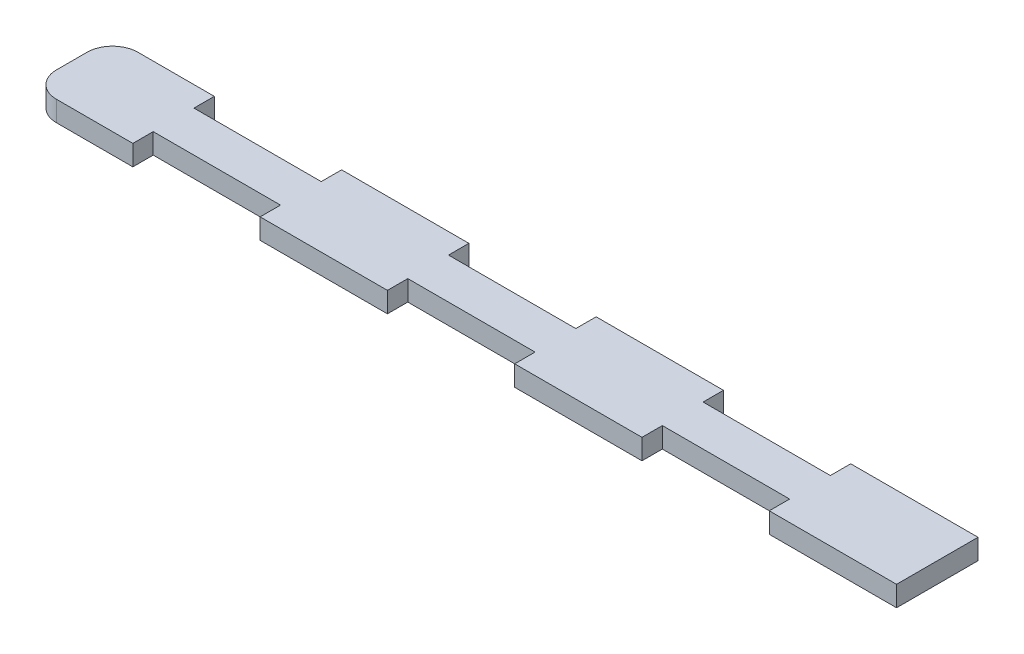
ISO-10303-21;
HEADER;
FILE_DESCRIPTION(('STEP AP214'),'2;1');
FILE_NAME('part.step','',(''),(''),'','','');
FILE_SCHEMA(('AUTOMOTIVE_DESIGN { 1 0 10303 214 1 1 1 1 }'));
ENDSEC;
DATA;
#1=APPLICATION_CONTEXT('core data for automotive mechanical design processes');
#2=APPLICATION_PROTOCOL_DEFINITION('international standard','automotive_design',2000,#1);
#3=PRODUCT_CONTEXT('',#1,'mechanical');
#4=PRODUCT('Part','Part','',(#3));
#5=PRODUCT_RELATED_PRODUCT_CATEGORY('part','',(#4));
#6=PRODUCT_DEFINITION_FORMATION('','',#4);
#7=PRODUCT_DEFINITION_CONTEXT('part definition',#1,'design');
#8=PRODUCT_DEFINITION('design','',#6,#7);
#9=PRODUCT_DEFINITION_SHAPE('','',#8);
#10=(LENGTH_UNIT() NAMED_UNIT(*) SI_UNIT(.MILLI.,.METRE.));
#11=(NAMED_UNIT(*) PLANE_ANGLE_UNIT() SI_UNIT($,.RADIAN.));
#12=(NAMED_UNIT(*) SI_UNIT($,.STERADIAN.) SOLID_ANGLE_UNIT());
#13=UNCERTAINTY_MEASURE_WITH_UNIT(LENGTH_MEASURE(1.E-05),#10,'distance_accuracy_value','');
#14=(GEOMETRIC_REPRESENTATION_CONTEXT(3) GLOBAL_UNCERTAINTY_ASSIGNED_CONTEXT((#13)) GLOBAL_UNIT_ASSIGNED_CONTEXT((#10,
#11,#12)) REPRESENTATION_CONTEXT('',''));
#15=CARTESIAN_POINT('',(0.,0.,0.));
#16=DIRECTION('',(0.,0.,1.));
#17=DIRECTION('',(1.,0.,0.));
#18=AXIS2_PLACEMENT_3D('',#15,#16,#17);
#19=CARTESIAN_POINT('',(-85.,2.,8.));
#20=DIRECTION('',(0.,0.,-1.));
#21=DIRECTION('',(-1.,0.,0.));
#22=AXIS2_PLACEMENT_3D('',#19,#20,#21);
#23=PLANE('',#22);
#24=DIRECTION('',(0.,1.,0.));
#25=VECTOR('',#24,1.);
#26=CARTESIAN_POINT('',(60.,-2.,8.));
#27=LINE('',#26,#25);
#28=CARTESIAN_POINT('',(60.,-2.,8.));
#29=VERTEX_POINT('',#28);
#30=CARTESIAN_POINT('',(60.,2.,8.));
#31=VERTEX_POINT('',#30);
#32=EDGE_CURVE('E277',#29,#31,#27,.T.);
#33=ORIENTED_EDGE('',*,*,#32,.F.);
#34=DIRECTION('',(1.,0.,0.));
#35=VECTOR('',#34,1.);
#36=CARTESIAN_POINT('',(-85.,-2.,8.));
#37=LINE('',#36,#35);
#38=CARTESIAN_POINT('',(85.,-2.,8.));
#39=VERTEX_POINT('',#38);
#40=EDGE_CURVE('E266',#29,#39,#37,.T.);
#41=ORIENTED_EDGE('',*,*,#40,.T.);
#42=DIRECTION('',(0.,-1.,0.));
#43=VECTOR('',#42,1.);
#44=CARTESIAN_POINT('',(85.,2.,8.));
#45=LINE('',#44,#43);
#46=CARTESIAN_POINT('',(85.,2.,8.));
#47=VERTEX_POINT('',#46);
#48=EDGE_CURVE('E425',#47,#39,#45,.T.);
#49=ORIENTED_EDGE('',*,*,#48,.F.);
#50=DIRECTION('',(1.,0.,0.));
#51=VECTOR('',#50,1.);
#52=CARTESIAN_POINT('',(-85.,2.,8.));
#53=LINE('',#52,#51);
#54=EDGE_CURVE('E422',#31,#47,#53,.T.);
#55=ORIENTED_EDGE('',*,*,#54,.F.);
#56=EDGE_LOOP('',(#33,#41,#49,#55));
#57=FACE_BOUND('',#56,.T.);
#58=ADVANCED_FACE('F42',(#57),#23,.F.);
#59=DIRECTION('',(0.,1.,0.));
#60=VECTOR('',#59,1.);
#61=CARTESIAN_POINT('',(35.,-2.,8.));
#62=LINE('',#61,#60);
#63=CARTESIAN_POINT('',(35.,-2.,8.));
#64=VERTEX_POINT('',#63);
#65=CARTESIAN_POINT('',(35.,2.,8.));
#66=VERTEX_POINT('',#65);
#67=EDGE_CURVE('E280',#64,#66,#62,.T.);
#68=ORIENTED_EDGE('',*,*,#67,.T.);
#69=CARTESIAN_POINT('',(10.,2.,7.99999999999965));
#70=VERTEX_POINT('',#69);
#71=EDGE_CURVE('E568',#70,#66,#53,.T.);
#72=ORIENTED_EDGE('',*,*,#71,.F.);
#73=DIRECTION('',(0.,1.,0.));
#74=VECTOR('',#73,1.);
#75=CARTESIAN_POINT('',(10.,-2.,7.99999999999965));
#76=LINE('',#75,#74);
#77=CARTESIAN_POINT('',(10.,-2.,7.99999999999965));
#78=VERTEX_POINT('',#77);
#79=EDGE_CURVE('E292',#78,#70,#76,.T.);
#80=ORIENTED_EDGE('',*,*,#79,.F.);
#81=EDGE_CURVE('E554',#78,#64,#37,.T.);
#82=ORIENTED_EDGE('',*,*,#81,.T.);
#83=EDGE_LOOP('',(#68,#72,#80,#82));
#84=FACE_BOUND('',#83,.T.);
#85=ADVANCED_FACE('F511',(#84),#23,.F.);
#86=DIRECTION('',(0.,1.,0.));
#87=VECTOR('',#86,1.);
#88=CARTESIAN_POINT('',(-15.,-2.,7.99999999999965));
#89=LINE('',#88,#87);
#90=CARTESIAN_POINT('',(-15.,-2.,7.99999999999965));
#91=VERTEX_POINT('',#90);
#92=CARTESIAN_POINT('',(-15.,2.,7.99999999999965));
#93=VERTEX_POINT('',#92);
#94=EDGE_CURVE('E275',#91,#93,#89,.T.);
#95=ORIENTED_EDGE('',*,*,#94,.T.);
#96=CARTESIAN_POINT('',(-40.,2.,7.9999999999993));
#97=VERTEX_POINT('',#96);
#98=EDGE_CURVE('E426',#97,#93,#53,.T.);
#99=ORIENTED_EDGE('',*,*,#98,.F.);
#100=DIRECTION('',(0.,1.,0.));
#101=VECTOR('',#100,1.);
#102=CARTESIAN_POINT('',(-40.,-2.,7.9999999999993));
#103=LINE('',#102,#101);
#104=CARTESIAN_POINT('',(-40.,-2.,7.9999999999993));
#105=VERTEX_POINT('',#104);
#106=EDGE_CURVE('E317',#105,#97,#103,.T.);
#107=ORIENTED_EDGE('',*,*,#106,.F.);
#108=EDGE_CURVE('E438',#105,#91,#37,.T.);
#109=ORIENTED_EDGE('',*,*,#108,.T.);
#110=EDGE_LOOP('',(#95,#99,#107,#109));
#111=FACE_BOUND('',#110,.T.);
#112=ADVANCED_FACE('F518',(#111),#23,.F.);
#113=CARTESIAN_POINT('',(-80.,2.,8.));
#114=VERTEX_POINT('',#113);
#115=CARTESIAN_POINT('',(-65.,2.,7.9999999999993));
#116=VERTEX_POINT('',#115);
#117=EDGE_CURVE('E423',#114,#116,#53,.T.);
#118=ORIENTED_EDGE('',*,*,#117,.F.);
#119=DIRECTION('',(0.,-1.,0.));
#120=VECTOR('',#119,1.);
#121=CARTESIAN_POINT('',(-80.,2.,8.));
#122=LINE('',#121,#120);
#123=CARTESIAN_POINT('',(-80.,-2.,8.));
#124=VERTEX_POINT('',#123);
#125=EDGE_CURVE('E11',#114,#124,#122,.T.);
#126=ORIENTED_EDGE('',*,*,#125,.T.);
#127=CARTESIAN_POINT('',(-65.,-2.,7.9999999999993));
#128=VERTEX_POINT('',#127);
#129=EDGE_CURVE('E415',#124,#128,#37,.T.);
#130=ORIENTED_EDGE('',*,*,#129,.T.);
#131=DIRECTION('',(0.,1.,0.));
#132=VECTOR('',#131,1.);
#133=CARTESIAN_POINT('',(-65.,-2.,7.9999999999993));
#134=LINE('',#133,#132);
#135=EDGE_CURVE('E297',#128,#116,#134,.T.);
#136=ORIENTED_EDGE('',*,*,#135,.T.);
#137=EDGE_LOOP('',(#118,#126,#130,#136));
#138=FACE_BOUND('',#137,.T.);
#139=ADVANCED_FACE('F514',(#138),#23,.F.);
#140=CARTESIAN_POINT('',(0.,2.,0.));
#141=DIRECTION('',(0.,-1.,0.));
#142=DIRECTION('',(0.,0.,-1.));
#143=AXIS2_PLACEMENT_3D('',#140,#141,#142);
#144=PLANE('',#143);
#145=DIRECTION('',(-1.,0.,0.));
#146=VECTOR('',#145,1.);
#147=CARTESIAN_POINT('',(-85.,2.,-8.));
#148=LINE('',#147,#146);
#149=CARTESIAN_POINT('',(-65.,2.,-7.9999999999993));
#150=VERTEX_POINT('',#149);
#151=CARTESIAN_POINT('',(-80.,2.,-8.));
#152=VERTEX_POINT('',#151);
#153=EDGE_CURVE('E414',#150,#152,#148,.T.);
#154=ORIENTED_EDGE('',*,*,#153,.T.);
#155=CARTESIAN_POINT('',(-80.,2.,-3.));
#156=DIRECTION('',(0.,-1.,0.));
#157=DIRECTION('',(0.,0.,-1.));
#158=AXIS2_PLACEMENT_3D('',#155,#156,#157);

★ ★ ★ ★ ★ ★ ★

Exercise =>
Look through the material above and pick out each line holding the word "VECTOR".

Final answer =>
#25=VECTOR('',#24,1.);
#35=VECTOR('',#34,1.);
#43=VECTOR('',#42,1.);
#51=VECTOR('',#50,1.);
#60=VECTOR('',#59,1.);
#74=VECTOR('',#73,1.);
#87=VECTOR('',#86,1.);
#101=VECTOR('',#100,1.);
#120=VECTOR('',#119,1.);
#132=VECTOR('',#131,1.);
#146=VECTOR('',#145,1.);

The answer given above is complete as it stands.